From 9413902796f56f6209e19dd54e840ed46950612c Mon Sep 17 00:00:00 2001
From: Pablo Neira Ayuso <pablo@netfilter.org>
Date: Fri, 23 Dec 2011 14:19:50 +0100
Subject: [PATCH 18/19] netfilter: add extended accounting infrastructure over
 nfnetlink

We currently have two ways to account traffic in netfilter:

- iptables chain and rule counters:

 # iptables -L -n -v
Chain INPUT (policy DROP 3 packets, 867 bytes)
 pkts bytes target     prot opt in     out     source               destination
    8  1104 ACCEPT     all  --  lo     *       0.0.0.0/0            0.0.0.0/0

- use flow-based accounting provided by ctnetlink:

 # conntrack -L
tcp      6 431999 ESTABLISHED src=192.168.1.130 dst=212.106.219.168 sport=58152 dport=80 packets=47 bytes=7654 src=212.106.219.168 dst=192.168.1.130 sport=80 dport=58152 packets=49 bytes=66340 [ASSURED] mark=0 use=1

While trying to display real-time accounting statistics, we require
to pool the kernel periodically to obtain this information. This is
OK if the number of flows is relatively low. However, in case that
the number of flows is huge, we can spend a considerable amount of
cycles to iterate over the list of flows that have been obtained.

Moreover, if we want to obtain the sum of the flow accounting results
that match some criteria, we have to iterate over the whole list of
existing flows, look for matchings and update the counters.

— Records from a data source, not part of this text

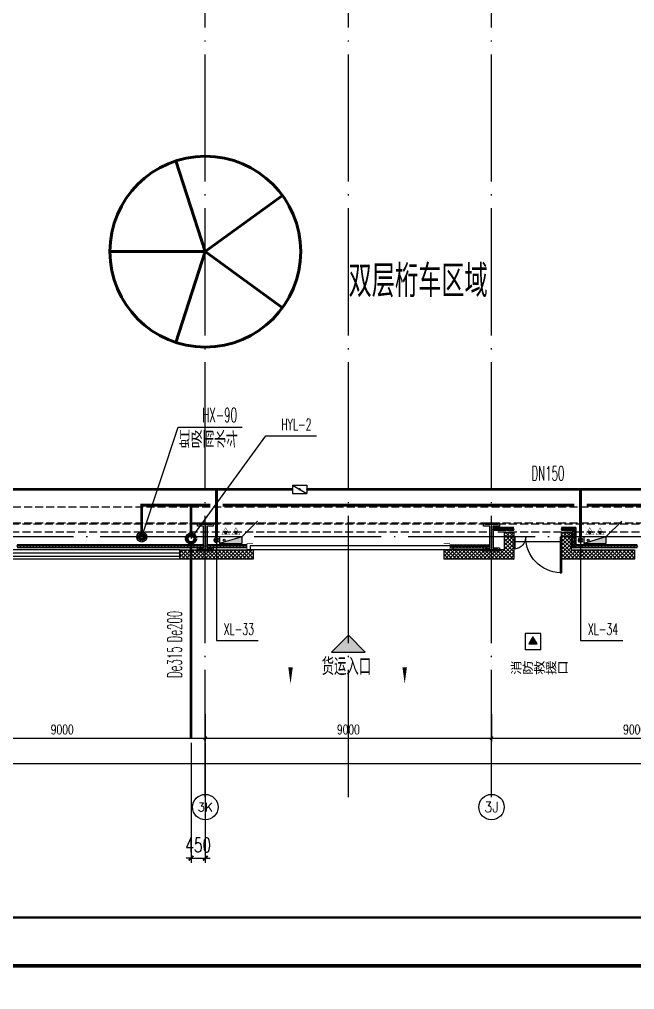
# Model space of a CAD drawing. Extents: x -452079 to 117456, y 3902 to 836955.
# Drawn here: x -215701 to -196354, y 534683 to 565200 of the extents above; entities that cross this region are included whole.
import ezdxf
from ezdxf.enums import TextEntityAlignment as Align

# ---------------------------------------------------------------- set-up
doc = ezdxf.new("R2010")
doc.units = 0
doc.header["$LTSCALE"] = 1000
doc.header["$MEASUREMENT"] = 0
for name, pattern in [('10平面$0$DASH', [0.35, 0.25, -0.1]), ('DASH', [0.35, 0.25, -0.1]), ('DOTE', [2.42, 2, -0.2, 0.02, -0.2]), ('DOTE_30', [0.726, 0.6, -0.06, 0.006, -0.06])]:
    doc.linetypes.add(name, pattern=pattern)
for name, color, linetype in [('0-cxFrame', 155, 'Continuous'), ('10平面$0$WINDOW', 4, 'Continuous'), ('A-AXIS-D', 1, 'Continuous'), ('A-AXIS-DOTE', 14, 'DOTE'), ('A-AXIS-SYMB', 3, 'Continuous'), ('A-HATCH-2', 251, 'Continuous'), ('A-HRAIL', 173, 'Continuous'), ('A-LIN-V', 9, 'Continuous'), ('A-SFCE', 30, 'Continuous'), ('A-TEXT', 61, 'Continuous'), ('A-WINDOW', 140, 'Continuous'), ('AS-COLN', 6, 'Continuous'), ('AS-WALL', 40, 'Continuous'), ('DIM_消防', 1, 'Continuous'), ('DIM_雨水', 4, 'Continuous'), ('FH-tri', 180, 'Continuous'), ('FM_ZF消防', 1, 'Continuous'), ('PUB_HATCH', 8, 'Continuous'), ('PUB_TEXT', 7, 'Continuous'), ('RP-N2-01$0$$0$A-WIND-J', 1, 'Continuous'), ('RP-N2-01$0$A-WIND-J', 3, 'Continuous'), ('SB_ZF消火栓', 10, 'Continuous'), ('SB_ZF消火栓M', 10, 'Continuous'), ('TEXT_消防', 1, 'Continuous'), ('TEXT_雨水', 4, 'Continuous'), ('TWT_DIM', 3, 'Continuous'), ('WALL', 2, 'Continuous'), ('建-窗', 4, 'Continuous'), ('建-门窗编号', 7, 'Continuous'), ('文本', 4, 'Continuous'), ('虹吸雨水斗', 6, 'Continuous')]:
    doc.layers.add(name, color=color, linetype=linetype)
for name, color, linetype, lineweight in [('0-cxText', 131, 'Continuous', 25), ('Gps-ZF消防', 1, 'TG_X', 60), ('Gps-ZF雨水', 4, 'DOTE_30', 60), ('LG-ZF消防', 1, 'Continuous', 60), ('LG-ZF雨水', 4, 'Continuous', 60)]:
    doc.layers.add(name, color=color, linetype=linetype, lineweight=lineweight)
doc.styles.add('_TCH_AXIS', font='COMPLEX', dxfattribs={"bigfont": 'GBCBIG'})
doc.styles.add('_TCH_DIM', font='SIMPLEX', dxfattribs={"width": 0.75, "bigfont": '@1HZTXT'})
doc.styles.add('_TCH_DIM_T3', font='SIMPLEX', dxfattribs={"width": 0.705882, "bigfont": 'GBCBIG'})
doc.styles.add('_TWT_PIPEDN', font='SIMPLEX', dxfattribs={"width": 0.65, "height": 3.5, "bigfont": 'HZTXT'})
doc.styles.add('_TWT_SERIAL', font='SIMPLEX', dxfattribs={"width": 0.8, "height": 3, "bigfont": 'HZTXT'})
doc.styles.add('A-STANDARD', font='SIMPLEX', dxfattribs={"bigfont": 'GBCBIG'})
doc.styles.add('A-WIN-LABEL', font='SIMPLEX', dxfattribs={"bigfont": 'GBCBIG'})
doc.styles.add('cx_tuming', font='')
doc.styles.add('cx_tuqian1', font='')
doc.styles.get("Standard").update_dxf_attribs({"font": 'gbenor.shx', "bigfont": 'gbcbig.shx'})
doc.styles.add('TG_LINETYPE', font='SIMPLEX', dxfattribs={"width": 0.8, "height": 3.5, "bigfont": 'HZTXT'})
doc.styles.add('黑体', font='', dxfattribs={"height": 12})
doc.styles.get('cx_tuming').set_extended_font_data('SimHei')
doc.styles.get('cx_tuqian1').set_extended_font_data('SimSun')
doc.styles.get('黑体').set_extended_font_data('SimHei')
doc.linetypes.add('TG_X', pattern='A,5,-0.3,["X",TG_LINETYPE,S=0.1,R=0,X=-0.23,Y=-0.15],0', length=5.3)
doc.dimstyles.new('_TCH_ARCH&&100', dxfattribs={"dimtxt": 297.5, "dimasz": 100, "dimexe": 100, "dimexo": 100, "dimgap": 126.25, "dimtad": 1, "dimdec": 0, "dimzin": 0, "dimdsep": 46, "dimtxsty": '_TCH_DIM_T3', "dimblk": 'ARCHTICK', "dimcen": 0.09, "dimclrt": 7, "dimazin": 2, "dimtfac": 1, "dimtdec": 0, "dimtix": 1, "dimtmove": 2, "dimatfit": 3, "dimfxl": 0, "dimtolj": 1, "dimtzin": 0, "dimarcsym": 0})
doc.dimstyles.new('_TCH_ARCH&&150', dxfattribs={"dimtxt": 446.25, "dimasz": 150, "dimexe": 150, "dimexo": 150, "dimgap": 189.375, "dimtad": 1, "dimdec": 0, "dimzin": 0, "dimdsep": 46, "dimtxsty": '_TCH_DIM_T3', "dimblk": 'ARCHTICK', "dimcen": 0.09, "dimclrt": 7, "dimazin": 2, "dimtfac": 1, "dimtdec": 0, "dimtix": 1, "dimtmove": 2, "dimatfit": 3, "dimfxl": 0, "dimtolj": 1, "dimtzin": 0, "dimarcsym": 0})
pattern_1 = [(45, (60, 0), (-60.000061, 60.000061), []), (135, (60, 0), (-60.000061, -60.000061), [])]

# ---------------------------------------------------------------- blocks, each defined once
blk = doc.blocks.new('_ArchTick')
at = {"color": 0, "linetype": 'ByBlock', "const_width": 0.4}
blk.add_lwpolyline([(-0.5, -0.5), (0.5, 0.5)], dxfattribs=at)
blk = doc.blocks.new('*D357')
at = {"layer": 'A-AXIS-D', "color": 0, "lineweight": -2, "transparency": 16777216}
for p, q in [((102518, 3326), (102518, 2468)), ((111518, 3326), (111518, 2468)), ((102518, 2568), (111518, 2568))]:
    blk.add_line(p, q, dxfattribs=at)
at = {"layer": 'A-AXIS-D', "color": 0, "lineweight": -2, "transparency": 16777216, "xscale": 100, "yscale": 100, "zscale": 100, "rotation": 180}
blk.add_blockref('_ArchTick', (102518, 2568), dxfattribs=at)
at = {"layer": 'A-AXIS-D', "color": 0, "lineweight": -2, "transparency": 16777216, "xscale": 100, "yscale": 100, "zscale": 100}
blk.add_blockref('_ArchTick', (111518, 2568), dxfattribs=at)
at = {"layer": 'A-AXIS-D', "color": 7, "transparency": 16777216, "insert": (107018, 2843), "char_height": 297.5, "attachment_point": 5, "style": '_TCH_DIM_T3'}
blk.add_mtext('\\A1;9000', dxfattribs=at)
blk = doc.blocks.new('*D358')
at = {"layer": 'A-AXIS-D', "color": 0, "lineweight": -2, "transparency": 16777216}
for p, q in [((111518, 3326), (111518, 2468)), ((120518, 3326), (120518, 2468)), ((111518, 2568), (120518, 2568))]:
    blk.add_line(p, q, dxfattribs=at)
at = {"layer": 'A-AXIS-D', "color": 0, "lineweight": -2, "transparency": 16777216, "xscale": 100, "yscale": 100, "zscale": 100, "rotation": 180}
blk.add_blockref('_ArchTick', (111518, 2568), dxfattribs=at)
at = {"layer": 'A-AXIS-D', "color": 0, "lineweight": -2, "transparency": 16777216, "xscale": 100, "yscale": 100, "zscale": 100}
blk.add_blockref('_ArchTick', (120518, 2568), dxfattribs=at)
at = {"layer": 'A-AXIS-D', "color": 7, "transparency": 16777216, "insert": (116018, 2843), "char_height": 297.5, "attachment_point": 5, "style": '_TCH_DIM_T3'}
blk.add_mtext('\\A1;9000', dxfattribs=at)
blk = doc.blocks.new('*D359')
at = {"layer": 'A-AXIS-D', "color": 0, "lineweight": -2, "transparency": 16777216}
for p, q in [((120518, 3326), (120518, 2468)), ((129518, 3326), (129518, 2468)), ((120518, 2568), (129518, 2568))]:
    blk.add_line(p, q, dxfattribs=at)
at = {"layer": 'A-AXIS-D', "color": 0, "lineweight": -2, "transparency": 16777216, "xscale": 100, "yscale": 100, "zscale": 100, "rotation": 180}
blk.add_blockref('_ArchTick', (120518, 2568), dxfattribs=at)
at = {"layer": 'A-AXIS-D', "color": 0, "lineweight": -2, "transparency": 16777216, "xscale": 100, "yscale": 100, "zscale": 100}
blk.add_blockref('_ArchTick', (129518, 2568), dxfattribs=at)
at = {"layer": 'A-AXIS-D', "color": 7, "transparency": 16777216, "insert": (125018, 2843), "char_height": 297.5, "attachment_point": 5, "style": '_TCH_DIM_T3'}
blk.add_mtext('\\A1;9000', dxfattribs=at)
blk = doc.blocks.new('*D369')
at = {"layer": 'A-AXIS-D', "color": 0, "lineweight": -2, "transparency": 16777216}
for p, q in [((7618, 3226), (7618, 1668)), ((193318, 3226), (193318, 1668)), ((7618, 1768), (193318, 1768))]:
    blk.add_line(p, q, dxfattribs=at)
at = {"layer": 'A-AXIS-D', "color": 0, "lineweight": -2, "transparency": 16777216, "xscale": 100, "yscale": 100, "zscale": 100, "rotation": 180}
blk.add_blockref('_ArchTick', (7618, 1768), dxfattribs=at)
at = {"layer": 'A-AXIS-D', "color": 0, "lineweight": -2, "transparency": 16777216, "xscale": 100, "yscale": 100, "zscale": 100}
blk.add_blockref('_ArchTick', (193318, 1768), dxfattribs=at)
at = {"layer": 'A-AXIS-D', "color": 7, "transparency": 16777216, "insert": (100468, 2043), "char_height": 297.5, "attachment_point": 5, "style": '_TCH_DIM_T3'}
blk.add_mtext('\\A1;185700', dxfattribs=at)
blk = doc.blocks.new('10平面$0$$DorLib2D$00000126')
at = {"color": 0, "linetype": 'Continuous'}
for p, q in [((-0.532, 0.5), (-0.532, 0.9)), ((0.532, 0.9), (0.532, 0.5))]:
    blk.add_line(p, q, dxfattribs=at)
at = {"color": 0, "linetype": '10平面$0$DASH'}
for p, q in [((-0.532, 0.9), (0.532, 0.9)), ((-0.532, 0.5), (0.532, 0.5))]:
    blk.add_line(p, q, dxfattribs=at)
blk = doc.blocks.new('WINDOW2DLIB$DYNSTYLE$00000005')
at = {"color": 0}
for points in [[(-0.5, 0.5), (-0.5, -0.5)], [(-0.5, 0.5), (0.5, 0.5)], [(0.5, -0.5), (0.5, 0.5)], [(0.5, 0.1667), (-0.5, 0.1667)], [(0.5, -0.1667), (-0.5, -0.1667)], [(-0.5, -0.5), (0.5, -0.5)]]:
    blk.add_lwpolyline(points, dxfattribs=at)
blk = doc.blocks.new('DOOR2DLIB$SYSLIB$00000123')
at = {"color": 0}
for p, q in [((0.475, -0.001), (0.475, 0.752)), ((0.475, 0.752), (0.5, 0.752)), ((0.5, -0.001), (0.5, 0.752)), ((-0.5, 0), (-0.5, 0.252)), ((-0.475, 0.252), (-0.5, 0.252)), ((-0.475, 0), (-0.475, 0.252)), ((-0.475, 0), (-0.5, 0)), ((0.475, -0.001), (0.5, -0.001))]:
    blk.add_line(p, q, dxfattribs=at)
for centre, radius, start, end in [((0.505, -0.002), 0.755, 92.2493, 179.7238), ((-0.501, 0.003), 0.251, 359.7899, 84.0974)]:
    blk.add_arc(centre, radius, start, end, dxfattribs=at)
blk = doc.blocks.new('42343243')
at = {"layer": 'PUB_HATCH'}
h = blk.add_hatch(dxfattribs=at)
h.set_pattern_fill('多孔材料', color=256, scale=30, style=0)
h.set_pattern_definition(pattern_1)
h.paths.add_polyline_path([(-208354, 1223170), (-210654, 1223170), (-210654, 1222870), (-208354, 1222870)])
h = blk.add_hatch(dxfattribs=at)
h.set_pattern_fill('多孔材料', color=256, scale=30, style=0)
h.set_pattern_definition(pattern_1)
h.paths.add_polyline_path([(-200454, 1222870), (-200154, 1223170), (-202354, 1223170), (-202354, 1222870)])
h = blk.add_hatch(dxfattribs=at)
h.set_pattern_fill('多孔材料', color=256, scale=30, style=0)
h.set_pattern_definition(pattern_1)
h.paths.add_polyline_path([(-200454, 1222320), (-200154, 1222620), (-200154, 1223170), (-200454, 1222870)])
h = blk.add_hatch(dxfattribs=at)
h.set_pattern_fill('多孔材料', color=256, scale=30, style=0)
h.set_pattern_definition(pattern_1)
h.paths.add_polyline_path([(-198354, 1222870), (-196354, 1222870), (-196354, 1223170), (-198654, 1223170)])
h = blk.add_hatch(dxfattribs=at)
h.set_pattern_fill('多孔材料', color=256, scale=30, style=0)
h.set_pattern_definition(pattern_1)
h.paths.add_polyline_path([(-198654, 1222620), (-198354, 1222320), (-198354, 1222870), (-198654, 1223170)])
h = blk.add_hatch(dxfattribs=at)
h.set_pattern_fill('多孔材料', color=256, scale=30, style=0)
h.set_pattern_definition(pattern_1)
h.paths.add_polyline_path([(-200454, 1222320), (-200154, 1222320), (-200154, 1222620)])
h = blk.add_hatch(dxfattribs=at)
h.set_pattern_fill('多孔材料', color=256, scale=30, style=0)
h.set_pattern_definition(pattern_1)
h.paths.add_polyline_path([(-198654, 1222620), (-198654, 1222320), (-198354, 1222320)])
at = {"layer": '10平面$0$WINDOW'}
blk.add_line((-198654, 1222620), (-200154, 1222620), dxfattribs=at)
at = {"layer": 'AS-WALL'}
for p, q in [((-208354, 1223170), (-210654, 1223170)), ((-210654, 1223170), (-210654, 1222870)), ((-208354, 1222870), (-208354, 1223170)), ((-200154, 1223170), (-202354, 1223170)), ((-202354, 1222870), (-202354, 1223170)), ((-200154, 1222620), (-200154, 1223170)), ((-196354, 1223170), (-198654, 1223170)), ((-198654, 1222620), (-198654, 1223170)), ((-196354, 1222870), (-196354, 1223170)), ((-210654, 1222870), (-208354, 1222870)), ((-200454, 1222870), (-202354, 1222870)), ((-200454, 1222320), (-200454, 1222870)), ((-198354, 1222870), (-196354, 1222870)), ((-198354, 1222320), (-198354, 1222870)), ((-200154, 1222320), (-200154, 1222620)), ((-198654, 1222620), (-198654, 1222320)), ((-200454, 1222320), (-200154, 1222320)), ((-198654, 1222320), (-198354, 1222320))]:
    blk.add_line(p, q, dxfattribs=at)
at = {"layer": '10平面$0$WINDOW', "zscale": 300}
for name, p, xscale, yscale, rotation in [('DOOR2DLIB$SYSLIB$00000123', (-199404, 1222470), -1500, -1500, 179.9999999999555), ('10平面$0$$DorLib2D$00000126', (-205254, 1223020), 6000, 300, 180)]:
    blk.add_blockref(name, p, dxfattribs=dict(at, xscale=xscale, yscale=yscale, rotation=rotation))
at = {"layer": '建-窗'}
ref = blk.add_blockref('WINDOW2DLIB$DYNSTYLE$00000005', (-217004, 1223020), dxfattribs=dict(at, xscale=-12700, yscale=-300, zscale=300, rotation=359.999999999664))
ref.add_attrib('A', 'C12724', (-217284, 1223521), dxfattribs={"layer": '建-门窗编号', "height": 148.8, "style": 'A-WIN-LABEL', "width": 0.705882})
blk = doc.blocks.new('4324324')
at = {"layer": 'A-HATCH-2', "color": 8, "linetype": 'DASH'}
for p, q in [((-312854, 549870), (-138054, 549870)), ((-312854, 549370), (-138054, 549370))]:
    blk.add_line(p, q, dxfattribs=at)
blk = doc.blocks.new('w4324324')
at = {"layer": 'A-HATCH-2', "lineweight": 60}
for q in [(-1694760, 686605), (-1697614, 684532), (-1691907, 684532), (-1696524, 681178), (-1692997, 681178)]:
    blk.add_line((-1694760, 683605), q, dxfattribs=at)
blk.add_circle((-1694760, 683605), 3000, dxfattribs=at)
blk = doc.blocks.new('342343')
at = {"layer": 'A-LIN-V'}
blk.add_blockref('w4324324', (1030710, 9556), dxfattribs=at)
blk = doc.blocks.new('w42343243')
at = {"layer": 'A-HATCH-2', "color": 2}
blk.add_lwpolyline([(-165104, 621070), (-164604, 621070), (-164604, 620958), (-164800, 620958), (-164800, 620282), (-164604, 620282), (-164604, 620170), (-165104, 620170), (-165104, 620282), (-164908, 620282), (-164908, 620958), (-165104, 620958)], close=True, dxfattribs=at)
at = {"layer": 'AS-COLN', "color": 8}
blk.add_lwpolyline([(-165054, 621020), (-164654, 621020), (-164654, 621008), (-164850, 621008), (-164850, 620232), (-164654, 620232), (-164654, 620220), (-165054, 620220), (-165054, 620232), (-164858, 620232), (-164858, 621008), (-165054, 621008)], close=True, dxfattribs=at)
blk = doc.blocks.new('42343')
at = {"layer": 'A-WINDOW'}
for p in [(-45000, -71700), (-36000, -71700)]:
    blk.add_blockref('w42343243', p, dxfattribs=at)
blk = doc.blocks.new('RP-N2-01$0$$0$xfjy')
at = {"layer": 'RP-N2-01$0$$0$A-WIND-J'}
h = blk.add_hatch(color=8, dxfattribs=at)
h.dxf.hatch_style = 1
h.paths.add_polyline_path([(1141876, -26214), (1142135, -26214), (1142005, -25989)])
at = {"layer": 'RP-N2-01$0$$0$A-WIND-J', "color": 8, "const_width": 25}
blk.add_lwpolyline([(1141755, -25889), (1141755, -26389), (1142255, -26389), (1142255, -25889)], close=True, dxfattribs=at)
at = {"layer": 'RP-N2-01$0$$0$A-WIND-J', "color": 8}
for points in [[(1141755, -26389), (1142255, -26389), (1142255, -25889), (1141755, -25889)], [(1141876, -26214), (1142135, -26214), (1142005, -25989)]]:
    blk.add_lwpolyline(points, close=True, dxfattribs=at)
blk = doc.blocks.new('RP-N2-01$0$xfjy')
at = {"layer": 'RP-N2-01$0$$0$A-WIND-J', "color": 8}
blk.add_blockref('RP-N2-01$0$$0$xfjy', (0, 0), dxfattribs=at)
blk = doc.blocks.new('3333')
at = {"layer": 'A-SFCE', "const_width": 20}
blk.add_lwpolyline([(-227064, 766320), (-227064, 766510), (-227244, 766510), (-227244, 766320)], dxfattribs=at)
blk = doc.blocks.new('99平面图例外参$0$$LinePat$圆环')
for points in [[(0, 150), (300, 150)], [(0, 0), (300, 0)], [(0, -150), (300, -150)]]:
    blk.add_lwpolyline(points)
at = {"color": 0}
blk.add_circle((150, 0), 150, dxfattribs=at)
blk = doc.blocks.new('“奔腾”虹吸雨水斗')
at = {"layer": '虹吸雨水斗', "lineweight": 25}
for p, q in [((946944, 86685), (947028, 86658)), ((947028, 86641), (946944, 86614)), ((947032, 86673), (946946, 86692)), ((946946, 86607), (947032, 86625)), ((946982, 86753), (947040, 86688)), ((947040, 86611), (946982, 86546)), ((947052, 86699), (946987, 86758)), ((946987, 86541), (947052, 86600)), ((947048, 86793), (947066, 86707)), ((947066, 86592), (947048, 86506)), ((947082, 86711), (947055, 86795)), ((947055, 86504), (947082, 86587)), ((947125, 86795), (947098, 86711)), ((947098, 86587), (947125, 86504)), ((947114, 86707), (947132, 86793)), ((947132, 86506), (947114, 86592)), ((947194, 86758), (947128, 86699)), ((947128, 86600), (947194, 86541)), ((947140, 86688), (947199, 86753)), ((947199, 86546), (947140, 86611)), ((947234, 86692), (947148, 86673)), ((947148, 86625), (947234, 86607)), ((947152, 86658), (947236, 86685)), ((947236, 86614), (947152, 86641))]:
    blk.add_line(p, q, dxfattribs=at)
for radius in [150, 47.6]:
    blk.add_circle((947090, 86649), radius, dxfattribs=at)
for centre, start, end in [((947025, 86649), 291.6382, 68.3675), ((947034, 86682), 261.6382, 38.3675), ((947034, 86617), 321.6382, 98.3675), ((947057, 86706), 231.6382, 8.3675), ((947057, 86593), 351.6382, 128.3675), ((947090, 86715), 201.6382, 338.3675), ((947090, 86584), 21.6382, 158.3675), ((947123, 86706), 171.6382, 308.3675), ((947123, 86593), 51.6382, 188.3675), ((947147, 86682), 141.6382, 278.3675), ((947147, 86617), 81.6382, 218.3675), ((947155, 86649), 111.6382, 248.3675)]:
    blk.add_arc(centre, 8.82, start, end, dxfattribs=at)
blk = doc.blocks.new('A$C5D961328')
at = {"layer": 'SB_ZF消火栓', "linetype": 'Continuous'}
h = blk.add_hatch(dxfattribs=at)
h.set_pattern_fill('ANSI31', color=256, scale=129.330432, angle=270, style=0)
h.set_pattern_definition([(45, (-18410.044, -5691.868), (11.431303, -11.431303), [])])
h.paths.add_polyline_path([(228, 343), (228, 427), (153, 427), (153, 343)])
h = blk.add_hatch(dxfattribs=at)
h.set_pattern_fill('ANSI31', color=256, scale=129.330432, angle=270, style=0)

This patch adds the extended accounting infrastructure for
nfnetlink which aims to allow displaying real-time traffic accounting
without the need of complicated and resource-consuming implementation
in user-space. Basically, this new infrastructure allows you to create
accounting objects. One accounting object is composed of packet and
byte counters.

In order to manipulate create accounting objects, you require the
new libnetfilter_acct library. It contains several examples of use:

libnetfilter_acct/examples# ./nfacct-add http-traffic
libnetfilter_acct/examples# ./nfacct-get
http-traffic = { pkts = 000000000000,   bytes = 000000000000 };

Then, you can use one of this accounting objects in several iptables
rules using the new nfacct match (which comes in a follow-up patch):

 # iptables -I INPUT -p tcp --sport 80 -m nfacct --nfacct-name http-traffic
 # iptables -I OUTPUT -p tcp --dport 80 -m nfacct --nfacct-name http-traffic

The idea is simple: if one packet matches the rule, the nfacct match
updates the counters.

Thanks to Patrick McHardy, Eric Dumazet, Changli Gao for reviewing and
providing feedback for this contribution.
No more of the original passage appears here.